Information =>
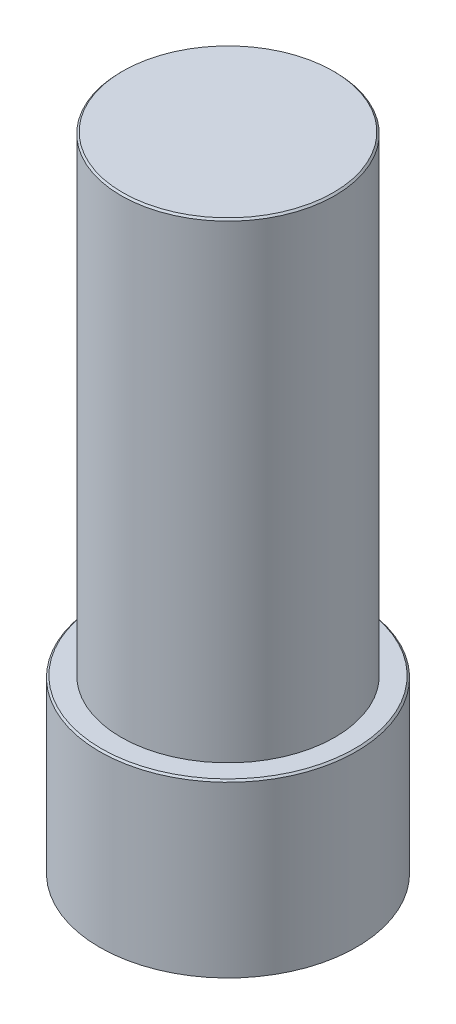
ISO-10303-21;
HEADER;
FILE_DESCRIPTION(('STEP AP214'),'2;1');
FILE_NAME('part.step','',(''),(''),'','','');
FILE_SCHEMA(('AUTOMOTIVE_DESIGN { 1 0 10303 214 1 1 1 1 }'));
ENDSEC;
DATA;
#1=APPLICATION_CONTEXT('core data for automotive mechanical design processes');
#2=APPLICATION_PROTOCOL_DEFINITION('international standard','automotive_design',2000,#1);
#3=PRODUCT_CONTEXT('',#1,'mechanical');
#4=PRODUCT('Part','Part','',(#3));
#5=PRODUCT_RELATED_PRODUCT_CATEGORY('part','',(#4));
#6=PRODUCT_DEFINITION_FORMATION('','',#4);
#7=PRODUCT_DEFINITION_CONTEXT('part definition',#1,'design');
#8=PRODUCT_DEFINITION('design','',#6,#7);
#9=PRODUCT_DEFINITION_SHAPE('','',#8);
#10=(LENGTH_UNIT() NAMED_UNIT(*) SI_UNIT(.MILLI.,.METRE.));
#11=(NAMED_UNIT(*) PLANE_ANGLE_UNIT() SI_UNIT($,.RADIAN.));
#12=(NAMED_UNIT(*) SI_UNIT($,.STERADIAN.) SOLID_ANGLE_UNIT());
#13=UNCERTAINTY_MEASURE_WITH_UNIT(LENGTH_MEASURE(1.E-05),#10,'distance_accuracy_value','');
#14=(GEOMETRIC_REPRESENTATION_CONTEXT(3) GLOBAL_UNCERTAINTY_ASSIGNED_CONTEXT((#13)) GLOBAL_UNIT_ASSIGNED_CONTEXT((#10,
#11,#12)) REPRESENTATION_CONTEXT('',''));
#15=CARTESIAN_POINT('',(0.,0.,0.));
#16=DIRECTION('',(0.,0.,1.));
#17=DIRECTION('',(1.,0.,0.));
#18=AXIS2_PLACEMENT_3D('',#15,#16,#17);
#19=CARTESIAN_POINT('',(0.,75.,0.));
#20=DIRECTION('',(0.,-1.,0.));
#21=DIRECTION('',(0.,0.,-1.));
#22=AXIS2_PLACEMENT_3D('',#19,#20,#21);
#23=CYLINDRICAL_SURFACE('',#22,15.);
#24=CARTESIAN_POINT('',(0.,19.8,0.));
#25=DIRECTION('',(0.,1.,0.));
#26=DIRECTION('',(0.,0.,1.));
#27=AXIS2_PLACEMENT_3D('',#24,#25,#26);
#28=CIRCLE('',#27,15.);
#29=CARTESIAN_POINT('',(0.,19.8,15.));
#30=VERTEX_POINT('',#29);
#31=EDGE_CURVE('E132',#30,#30,#28,.F.);
#32=ORIENTED_EDGE('',*,*,#31,.T.);
#33=EDGE_LOOP('',(#32));
#34=FACE_BOUND('',#33,.T.);
#35=CARTESIAN_POINT('',(0.,0.,0.));
#36=DIRECTION('',(0.,1.,0.));
#37=DIRECTION('',(0.,0.,1.));
#38=AXIS2_PLACEMENT_3D('',#35,#36,#37);
#39=CIRCLE('',#38,15.);
#40=CARTESIAN_POINT('',(0.,0.,15.));
#41=VERTEX_POINT('',#40);
#42=EDGE_CURVE('E124',#41,#41,#39,.T.);
#43=ORIENTED_EDGE('',*,*,#42,.T.);
#44=EDGE_LOOP('',(#43));
#45=FACE_BOUND('',#44,.T.);
#46=ADVANCED_FACE('F41',(#34,#45),#23,.T.);
#47=CARTESIAN_POINT('',(0.,0.,0.));
#48=DIRECTION('',(0.,1.,0.));
#49=DIRECTION('',(0.,0.,1.));
#50=AXIS2_PLACEMENT_3D('',#47,#48,#49);
#51=PLANE('',#50);
#52=ORIENTED_EDGE('',*,*,#42,.F.);
#53=EDGE_LOOP('',(#52));
#54=FACE_BOUND('',#53,.T.);
#55=ADVANCED_FACE('F185',(#54),#51,.F.);
#56=CARTESIAN_POINT('',(0.,20.,0.));
#57=DIRECTION('',(0.,1.,0.));
#58=DIRECTION('',(0.,0.,1.));
#59=AXIS2_PLACEMENT_3D('',#56,#57,#58);
#60=PLANE('',#59);
#61=CARTESIAN_POINT('',(0.,20.,0.));
#62=DIRECTION('',(0.,1.,0.));
#63=DIRECTION('',(0.,0.,1.));
#64=AXIS2_PLACEMENT_3D('',#61,#62,#63);
#65=CIRCLE('',#64,14.8);
#66=CARTESIAN_POINT('',(0.,20.,14.8));
#67=VERTEX_POINT('',#66);
#68=EDGE_CURVE('E128',#67,#67,#65,.T.);
#69=ORIENTED_EDGE('',*,*,#68,.T.);
#70=EDGE_LOOP('',(#69));
#71=FACE_BOUND('',#70,.T.);
#72=CARTESIAN_POINT('',(0.,20.,0.));
#73=DIRECTION('',(0.,1.,0.));
#74=DIRECTION('',(0.,0.,1.));
#75=AXIS2_PLACEMENT_3D('',#72,#73,#74);
#76=CIRCLE('',#75,12.5);
#77=CARTESIAN_POINT('',(0.,20.,12.5));
#78=VERTEX_POINT('',#77);
#79=EDGE_CURVE('E114',#78,#78,#76,.T.);
#80=ORIENTED_EDGE('',*,*,#79,.F.);
#81=EDGE_LOOP('',(#80));
#82=FACE_BOUND('',#81,.T.);
#83=ADVANCED_FACE('F179',(#71,#82),#60,.T.);
#84=CARTESIAN_POINT('',(0.,20.,0.));
#85=DIRECTION('',(0.,1.,0.));
#86=DIRECTION('',(0.,0.,1.));
#87=AXIS2_PLACEMENT_3D('',#84,#85,#86);
#88=CYLINDRICAL_SURFACE('',#87,12.5);
#89=CARTESIAN_POINT('',(3.25,45.,-12.0701077045733));
#90=CARTESIAN_POINT('',(3.25001054641698,44.9102469923514,-12.0700972014568));
#91=CARTESIAN_POINT('',(3.2462821971101,44.8205003351103,-12.0711085697672));
#92=CARTESIAN_POINT('',(3.23142964516638,44.6416806479744,-12.0750971218678));
#93=CARTESIAN_POINT('',(3.22030676327856,44.5526075006559,-12.0780739546028));
#94=CARTESIAN_POINT('',(3.19077775024691,44.3759470317223,-12.0859074104892));
#95=CARTESIAN_POINT('',(3.17238680541051,44.2883570066258,-12.0907601136305));
#96=CARTESIAN_POINT('',(3.12849426751624,44.1151162303061,-12.102191291883));
#97=CARTESIAN_POINT('',(3.10299256067524,44.0294655101386,-12.1087697946097));
#98=CARTESIAN_POINT('',(3.01610723550645,43.7763394826096,-12.1308168028862));
#99=CARTESIAN_POINT('',(2.94431200667787,43.612504190267,-12.1486056733553));
#100=CARTESIAN_POINT('',(2.7751834959888,43.2992323440276,-12.1883491724256));
#101=CARTESIAN_POINT('',(2.67784242416883,43.1498002012703,-12.2103050711557));
#102=CARTESIAN_POINT('',(2.45790723279837,42.8659697818068,-12.2564903841655));
#103=CARTESIAN_POINT('',(2.33481901404868,42.7319598995167,-12.2807582867324));
#104=CARTESIAN_POINT('',(2.06794376168588,42.4862329164713,-12.3285017577223));
#105=CARTESIAN_POINT('',(1.92415339609513,42.3745194112024,-12.3519771978473));
#106=CARTESIAN_POINT('',(1.61725751153118,42.1749378641374,-12.3959199464695));
#107=CARTESIAN_POINT('',(1.45389212276499,42.0874571740681,-12.416336231863));
#108=CARTESIAN_POINT('',(1.11416201723522,41.9413538371338,-12.4514159376555));
#109=CARTESIAN_POINT('',(0.937800013503568,41.8827251869403,-12.466080554692));
#110=CARTESIAN_POINT('',(0.581159693741104,41.7972449245453,-12.487732327864));
#111=CARTESIAN_POINT('',(0.401050786420688,41.7697278848197,-12.4948800160932));
#112=CARTESIAN_POINT('',(0.0386367576122468,41.7451603299802,-12.5012531822562));
#113=CARTESIAN_POINT('',(-0.143668058423004,41.7481056253152,-12.500479749599));
#114=CARTESIAN_POINT('',(-0.50066595555858,41.7839076611296,-12.4912158940811));
#115=CARTESIAN_POINT('',(-0.675436720490978,41.8160450885361,-12.4829110578883));
#116=CARTESIAN_POINT('',(-1.01701237228166,41.9081588608412,-12.459735475173));
#117=CARTESIAN_POINT('',(-1.18381689078128,41.9681364916968,-12.4448644253543));
#118=CARTESIAN_POINT('',(-1.5065891753543,42.114793443658,-12.409948350159));
#119=CARTESIAN_POINT('',(-1.66243761523551,42.2017234290582,-12.3898550527595));
#120=CARTESIAN_POINT('',(-1.95757909796545,42.3996212753068,-12.3466661055975));
#121=CARTESIAN_POINT('',(-2.09686940130557,42.510593105279,-12.3235699603401));
#122=CARTESIAN_POINT('',(-2.35922425296155,42.7572556655012,-12.276089499668));
#123=CARTESIAN_POINT('',(-2.48169820462864,42.8935720998935,-12.2516872576503));
#124=CARTESIAN_POINT('',(-2.70220949562019,43.1850632178379,-12.204949898371));
#125=CARTESIAN_POINT('',(-2.80024010996337,43.3402430737657,-12.1826153510449));
#126=CARTESIAN_POINT('',(-2.96954068537913,43.6664928224593,-12.142466983971));
#127=CARTESIAN_POINT('',(-3.04064266225175,43.8376544188678,-12.1246817597345));
#128=CARTESIAN_POINT('',(-3.12474953065326,44.1016655508393,-12.10317085816));
#129=CARTESIAN_POINT('',(-3.14902543900197,44.1908662208967,-12.0968622953971));
#130=CARTESIAN_POINT('',(-3.18990852784131,44.3711086819987,-12.0861465363928));
#131=CARTESIAN_POINT('',(-3.20651928989296,44.4621495923869,-12.0817384522109));
#132=CARTESIAN_POINT('',(-3.2294677615875,44.6276925302341,-12.0756222489095));
#133=CARTESIAN_POINT('',(-3.23716917287087,44.7019966464683,-12.0735573013183));
#134=CARTESIAN_POINT('',(-3.24743311280396,44.8508644561256,-12.0707988356085));
#135=CARTESIAN_POINT('',(-3.25000385063951,44.9254275433561,-12.0701031267038));
#136=CARTESIAN_POINT('',(-3.25,45.,-12.0701077045733));
#137=B_SPLINE_CURVE_WITH_KNOTS('',3,(#89,#90,#91,#92,#93,#94,#95,#96,#97,#98,#99,#100,#101,#102,
#103,#104,#105,#106,#107,#108,#109,#110,#111,#112,#113,#114,#115,#116,#117,#118,#119,#120,#121,
#122,#123,#124,#125,#126,#127,#128,#129,#130,#131,#132,#133,#134,#135,#136),.UNSPECIFIED.,.F.,
.F.,(4,2,2,2,2,2,2,2,2,2,2,2,2,2,2,2,2,2,2,2,2,2,2,4),(0.,0.269164995178561,0.538281927288888,
0.806839499077714,1.07540136844801,1.61196536344493,2.14869316898375,2.69686273622162,
3.24512062931408,3.80169373332475,4.35815098052082,4.90246697081595,5.44670810114643,
5.97789211842449,6.50910067387831,7.04540582944507,7.58179959243313,8.13381287845216,
8.68597787014817,9.24153272195672,9.51922343266718,9.79678425990766,10.0207947614027,
10.244446553097),.UNSPECIFIED.);
#138=CARTESIAN_POINT('',(3.25,45.,-12.0701077045733));
#139=VERTEX_POINT('',#138);
#140=CARTESIAN_POINT('',(-3.25,45.,-12.0701077045733));
#141=VERTEX_POINT('',#140);
#142=EDGE_CURVE('E144',#139,#141,#137,.T.);
#143=ORIENTED_EDGE('',*,*,#142,.F.);
#144=DIRECTION('',(0.,1.,0.));
#145=VECTOR('',#144,1.);
#146=CARTESIAN_POINT('',(3.24999999999999,20.,-12.0701077045733));
#147=LINE('',#146,#145);
#148=CARTESIAN_POINT('',(3.25,70.,-12.0701077045733));
#149=VERTEX_POINT('',#148);
#150=EDGE_CURVE('E11',#149,#139,#147,.F.);
#151=ORIENTED_EDGE('',*,*,#150,.F.);
#152=CARTESIAN_POINT('',(-3.25,70.,-12.0701077045733));
#153=CARTESIAN_POINT('',(-3.25001054641698,70.0897530076487,-12.0700972014568));
#154=CARTESIAN_POINT('',(-3.2462821971101,70.1794996648898,-12.0711085697672));
#155=CARTESIAN_POINT('',(-3.23142964516638,70.3583193520256,-12.0750971218678));
#156=CARTESIAN_POINT('',(-3.22030676327856,70.4473924993442,-12.0780739546028));
#157=CARTESIAN_POINT('',(-3.19077775024691,70.6240529682777,-12.0859074104892));
#158=CARTESIAN_POINT('',(-3.1723868054105,70.7116429933743,-12.0907601136305));
#159=CARTESIAN_POINT('',(-3.12849426751624,70.884883769694,-12.102191291883));
#160=CARTESIAN_POINT('',(-3.10299256067524,70.9705344898615,-12.1087697946097));
#161=CARTESIAN_POINT('',(-3.01610723550645,71.2236605173905,-12.1308168028862));
#162=CARTESIAN_POINT('',(-2.94431200667787,71.387495809733,-12.1486056733553));
#163=CARTESIAN_POINT('',(-2.7751834959888,71.7007676559724,-12.1883491724256));
#164=CARTESIAN_POINT('',(-2.67784242416882,71.8501997987297,-12.2103050711557));
#165=CARTESIAN_POINT('',(-2.45790723279836,72.1340302181932,-12.2564903841655));
#166=CARTESIAN_POINT('',(-2.33481901404868,72.2680401004833,-12.2807582867324));
#167=CARTESIAN_POINT('',(-2.06794376168588,72.5137670835287,-12.3285017577223));
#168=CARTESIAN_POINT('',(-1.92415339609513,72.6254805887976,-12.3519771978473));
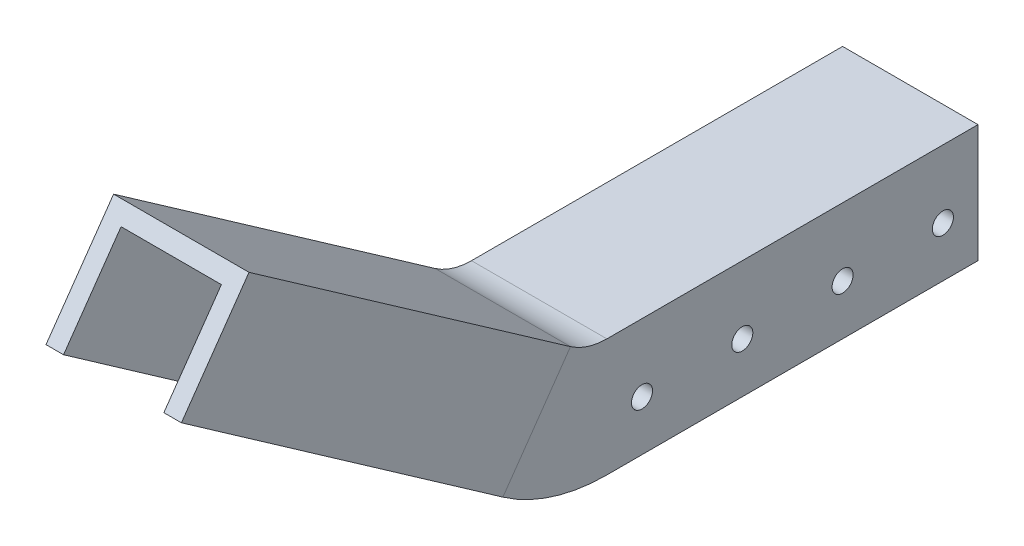
ISO-10303-21;
HEADER;
FILE_DESCRIPTION(('STEP AP214'),'2;1');
FILE_NAME('part.step','',(''),(''),'','','');
FILE_SCHEMA(('AUTOMOTIVE_DESIGN { 1 0 10303 214 1 1 1 1 }'));
ENDSEC;
DATA;
#1=APPLICATION_CONTEXT('core data for automotive mechanical design processes');
#2=APPLICATION_PROTOCOL_DEFINITION('international standard','automotive_design',2000,#1);
#3=PRODUCT_CONTEXT('',#1,'mechanical');
#4=PRODUCT('Part','Part','',(#3));
#5=PRODUCT_RELATED_PRODUCT_CATEGORY('part','',(#4));
#6=PRODUCT_DEFINITION_FORMATION('','',#4);
#7=PRODUCT_DEFINITION_CONTEXT('part definition',#1,'design');
#8=PRODUCT_DEFINITION('design','',#6,#7);
#9=PRODUCT_DEFINITION_SHAPE('','',#8);
#10=(LENGTH_UNIT() NAMED_UNIT(*) SI_UNIT(.MILLI.,.METRE.));
#11=(NAMED_UNIT(*) PLANE_ANGLE_UNIT() SI_UNIT($,.RADIAN.));
#12=(NAMED_UNIT(*) SI_UNIT($,.STERADIAN.) SOLID_ANGLE_UNIT());
#13=UNCERTAINTY_MEASURE_WITH_UNIT(LENGTH_MEASURE(1.E-05),#10,'distance_accuracy_value','');
#14=(GEOMETRIC_REPRESENTATION_CONTEXT(3) GLOBAL_UNCERTAINTY_ASSIGNED_CONTEXT((#13)) GLOBAL_UNIT_ASSIGNED_CONTEXT((#10,
#11,#12)) REPRESENTATION_CONTEXT('',''));
#15=CARTESIAN_POINT('',(0.,0.,0.));
#16=DIRECTION('',(0.,0.,1.));
#17=DIRECTION('',(1.,0.,0.));
#18=AXIS2_PLACEMENT_3D('',#15,#16,#17);
#19=CARTESIAN_POINT('',(0.,0.,-37.));
#20=DIRECTION('',(0.,0.,-1.));
#21=DIRECTION('',(-1.,0.,0.));
#22=AXIS2_PLACEMENT_3D('',#19,#20,#21);
#23=PLANE('',#22);
#24=DIRECTION('',(-1.,0.,0.));
#25=VECTOR('',#24,1.);
#26=CARTESIAN_POINT('',(13.5,-11.5,-37.));
#27=LINE('',#26,#25);
#28=CARTESIAN_POINT('',(-10.,-11.5,-37.));
#29=VERTEX_POINT('',#28);
#30=CARTESIAN_POINT('',(-13.5,-11.5,-37.));
#31=VERTEX_POINT('',#30);
#32=EDGE_CURVE('E55',#29,#31,#27,.T.);
#33=ORIENTED_EDGE('',*,*,#32,.T.);
#34=DIRECTION('',(0.,-1.,0.));
#35=VECTOR('',#34,1.);
#36=CARTESIAN_POINT('',(-13.5,-12.,-37.));
#37=LINE('',#36,#35);
#38=CARTESIAN_POINT('',(-13.5,12.,-37.));
#39=VERTEX_POINT('',#38);
#40=EDGE_CURVE('E166',#39,#31,#37,.T.);
#41=ORIENTED_EDGE('',*,*,#40,.F.);
#42=DIRECTION('',(-1.,0.,0.));
#43=VECTOR('',#42,1.);
#44=CARTESIAN_POINT('',(-13.5,12.,-37.));
#45=LINE('',#44,#43);
#46=CARTESIAN_POINT('',(13.5,12.,-37.));
#47=VERTEX_POINT('',#46);
#48=EDGE_CURVE('E151',#47,#39,#45,.T.);
#49=ORIENTED_EDGE('',*,*,#48,.F.);
#50=DIRECTION('',(0.,1.,0.));
#51=VECTOR('',#50,1.);
#52=CARTESIAN_POINT('',(13.5,-12.,-37.));
#53=LINE('',#52,#51);
#54=CARTESIAN_POINT('',(13.5,-11.5,-37.));
#55=VERTEX_POINT('',#54);
#56=EDGE_CURVE('E310',#55,#47,#53,.T.);
#57=ORIENTED_EDGE('',*,*,#56,.F.);
#58=CARTESIAN_POINT('',(10.,-11.5,-37.));
#59=VERTEX_POINT('',#58);
#60=EDGE_CURVE('E260',#55,#59,#27,.T.);
#61=ORIENTED_EDGE('',*,*,#60,.T.);
#62=DIRECTION('',(0.,1.,0.));
#63=VECTOR('',#62,1.);
#64=CARTESIAN_POINT('',(10.,0.,-37.));
#65=LINE('',#64,#63);
#66=CARTESIAN_POINT('',(10.,8.5,-37.));
#67=VERTEX_POINT('',#66);
#68=EDGE_CURVE('E306',#59,#67,#65,.T.);
#69=ORIENTED_EDGE('',*,*,#68,.T.);
#70=DIRECTION('',(-1.,0.,0.));
#71=VECTOR('',#70,1.);
#72=CARTESIAN_POINT('',(0.,8.5,-37.));
#73=LINE('',#72,#71);
#74=CARTESIAN_POINT('',(-10.,8.5,-37.));
#75=VERTEX_POINT('',#74);
#76=EDGE_CURVE('E316',#67,#75,#73,.T.);
#77=ORIENTED_EDGE('',*,*,#76,.T.);
#78=DIRECTION('',(0.,-1.,0.));
#79=VECTOR('',#78,1.);
#80=CARTESIAN_POINT('',(-10.,0.,-37.));
#81=LINE('',#80,#79);
#82=EDGE_CURVE('E318',#75,#29,#81,.T.);
#83=ORIENTED_EDGE('',*,*,#82,.T.);
#84=EDGE_LOOP('',(#33,#41,#49,#57,#61,#69,#77,#83));
#85=FACE_BOUND('',#84,.T.);
#86=ADVANCED_FACE('F33',(#85),#23,.T.);
#87=CARTESIAN_POINT('',(13.5,-12.,37.));
#88=DIRECTION('',(-1.,0.,0.));
#89=DIRECTION('',(0.,0.,1.));
#90=AXIS2_PLACEMENT_3D('',#87,#88,#89);
#91=PLANE('',#90);
#92=CARTESIAN_POINT('',(13.5,-1.5,-30.));
#93=DIRECTION('',(-1.,0.,0.));
#94=DIRECTION('',(0.,0.,1.));
#95=AXIS2_PLACEMENT_3D('',#92,#93,#94);
#96=CIRCLE('',#95,2.1);
#97=CARTESIAN_POINT('',(13.5,-1.5,-27.9));
#98=VERTEX_POINT('',#97);
#99=EDGE_CURVE('E267',#98,#98,#96,.T.);
#100=ORIENTED_EDGE('',*,*,#99,.T.);
#101=EDGE_LOOP('',(#100));
#102=FACE_BOUND('',#101,.T.);
#103=CARTESIAN_POINT('',(13.5,-1.5,-10.));
#104=DIRECTION('',(-1.,0.,0.));
#105=DIRECTION('',(0.,0.,1.));
#106=AXIS2_PLACEMENT_3D('',#103,#104,#105);
#107=CIRCLE('',#106,2.1);
#108=CARTESIAN_POINT('',(13.5,-1.5,-7.9));
#109=VERTEX_POINT('',#108);
#110=EDGE_CURVE('E274',#109,#109,#107,.T.);
#111=ORIENTED_EDGE('',*,*,#110,.T.);
#112=EDGE_LOOP('',(#111));
#113=FACE_BOUND('',#112,.T.);
#114=CARTESIAN_POINT('',(13.5,-1.5,10.));
#115=DIRECTION('',(-1.,0.,0.));
#116=DIRECTION('',(0.,0.,1.));
#117=AXIS2_PLACEMENT_3D('',#114,#115,#116);
#118=CIRCLE('',#117,2.1);
#119=CARTESIAN_POINT('',(13.5,-1.5,12.1));
#120=VERTEX_POINT('',#119);
#121=EDGE_CURVE('E280',#120,#120,#118,.T.);
#122=ORIENTED_EDGE('',*,*,#121,.T.);
#123=EDGE_LOOP('',(#122));
#124=FACE_BOUND('',#123,.T.);
#125=CARTESIAN_POINT('',(13.5,-1.5,30.));
#126=DIRECTION('',(-1.,0.,0.));
#127=DIRECTION('',(0.,0.,1.));
#128=AXIS2_PLACEMENT_3D('',#125,#126,#127);
#129=CIRCLE('',#128,2.1);
#130=CARTESIAN_POINT('',(13.5,-1.5,32.1));
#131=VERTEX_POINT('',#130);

The task => Please transcribe only the lines in the records above running from the line that has "#34=DIRECTION('',(0.,-1.,0.));" through the line that has "#48=EDGE_CURVE('E151',#47,#39,#45,.T.);", both included, exactly as they appear.

Result of this exercise =>
#34=DIRECTION('',(0.,-1.,0.));
#35=VECTOR('',#34,1.);
#36=CARTESIAN_POINT('',(-13.5,-12.,-37.));
#37=LINE('',#36,#35);
#38=CARTESIAN_POINT('',(-13.5,12.,-37.));
#39=VERTEX_POINT('',#38);
#40=EDGE_CURVE('E166',#39,#31,#37,.T.);
#41=ORIENTED_EDGE('',*,*,#40,.F.);
#42=DIRECTION('',(-1.,0.,0.));
#43=VECTOR('',#42,1.);
#44=CARTESIAN_POINT('',(-13.5,12.,-37.));
#45=LINE('',#44,#43);
#46=CARTESIAN_POINT('',(13.5,12.,-37.));
#47=VERTEX_POINT('',#46);
#48=EDGE_CURVE('E151',#47,#39,#45,.T.);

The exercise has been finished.